Friday, September 14, 2018

The Perfect Day

The Perfect Day
By Michael Cannata



The sky was a shimmering, crystal blue from horizon to horizon. There wasn't a cloud to be seen. The sun hung above him as he walked in a daydream at a slow summers pace. He meandered aimlessly, the way he did as a boy on the sands of the Florida beach he grew up on.

He loved the ocean weather. Standing alone by the surf as the perfect sun set over the gulf waters, he savored the sensation of slight breezes washing over his skin. He reveled in the rain and power of nature's fury during hurricanes. He knew perfect weather when he experienced it. There was no doubt about it; his entire experience had been one endless perfect day!

Exotic and alien flora and fauna dotted the flat landscape. Clusters of vegetation spread out forever into the distance. Their roots reached depths that seemed endless. Wherever it was that they found the water, if it even was water, that kept them alive, it was too far for him to reach. Familiar looking rocks lay sprinkled across the sand in every direction. The faint line of an ancient high tide mark ran erratically off into an arid landscape.

This planet had all the beautiful features of his beach… except for an ocean.

He peered off into the brilliant daylight, searching for shapes or shadows that would suggest a destination, somewhere or something worth walking towards.
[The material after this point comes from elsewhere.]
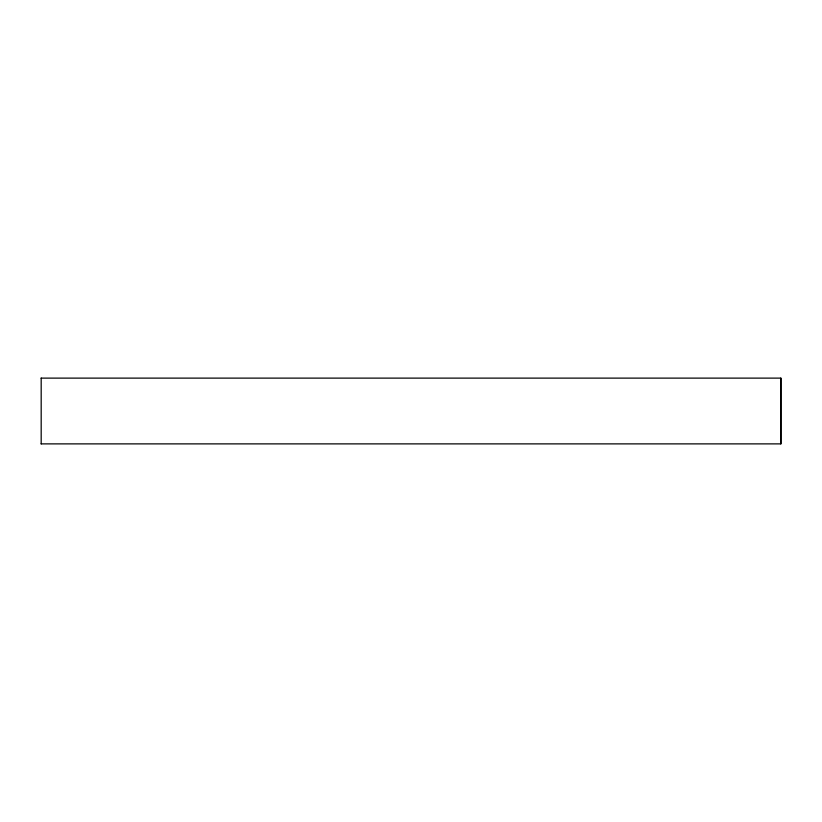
<?xml version="1.0" encoding="UTF-8"?>
<svg xmlns="http://www.w3.org/2000/svg" width="822" height="822" viewBox="0 0 822 822"><rect width="100%" height="100%" fill="white"/><g stroke="black" fill="none" stroke-linecap="round" stroke-linejoin="round"><path stroke-width="1.23" d="M41.1 378.12L780.9 378.12L780.9 443.88L41.1 443.88M780.818 378.12L780.818 443.88M41.182 378.12L41.182 443.88"/></g></svg>

The surface was an endless dusty shore. Small, inch high ripples of dry sand, formed by the slightest of breezes stretched in every direction. No mountain silhouettes that would suggest a change in the landscape appeared on the horizon. No uphill slant that might lead to high ground. No trees… just the short thick clusters of hard skinned shrubbery that indicated that life existed at all. The planet had no changing weather. He never saw clouds or felt wind on his dry chapped face. No mist or fog or hint of rain. The temperature never changed more than a degree or two. Even stranger was the sun. It was yellow and was larger than the sun on earth but it hadn't moved at all. It registered an eternal high noon for the 150 earth days he had been stranded.

He lost the three other members of his crew along with everything that was crucial for any chance at long term survival when his ship crashed. Despite his best efforts his rations were dwindling. All the technology he had still couldn't keep him alive without food. There was no way to get to the water deep below him. He'd dug twice his height deep into nothing but dry, powdery sand.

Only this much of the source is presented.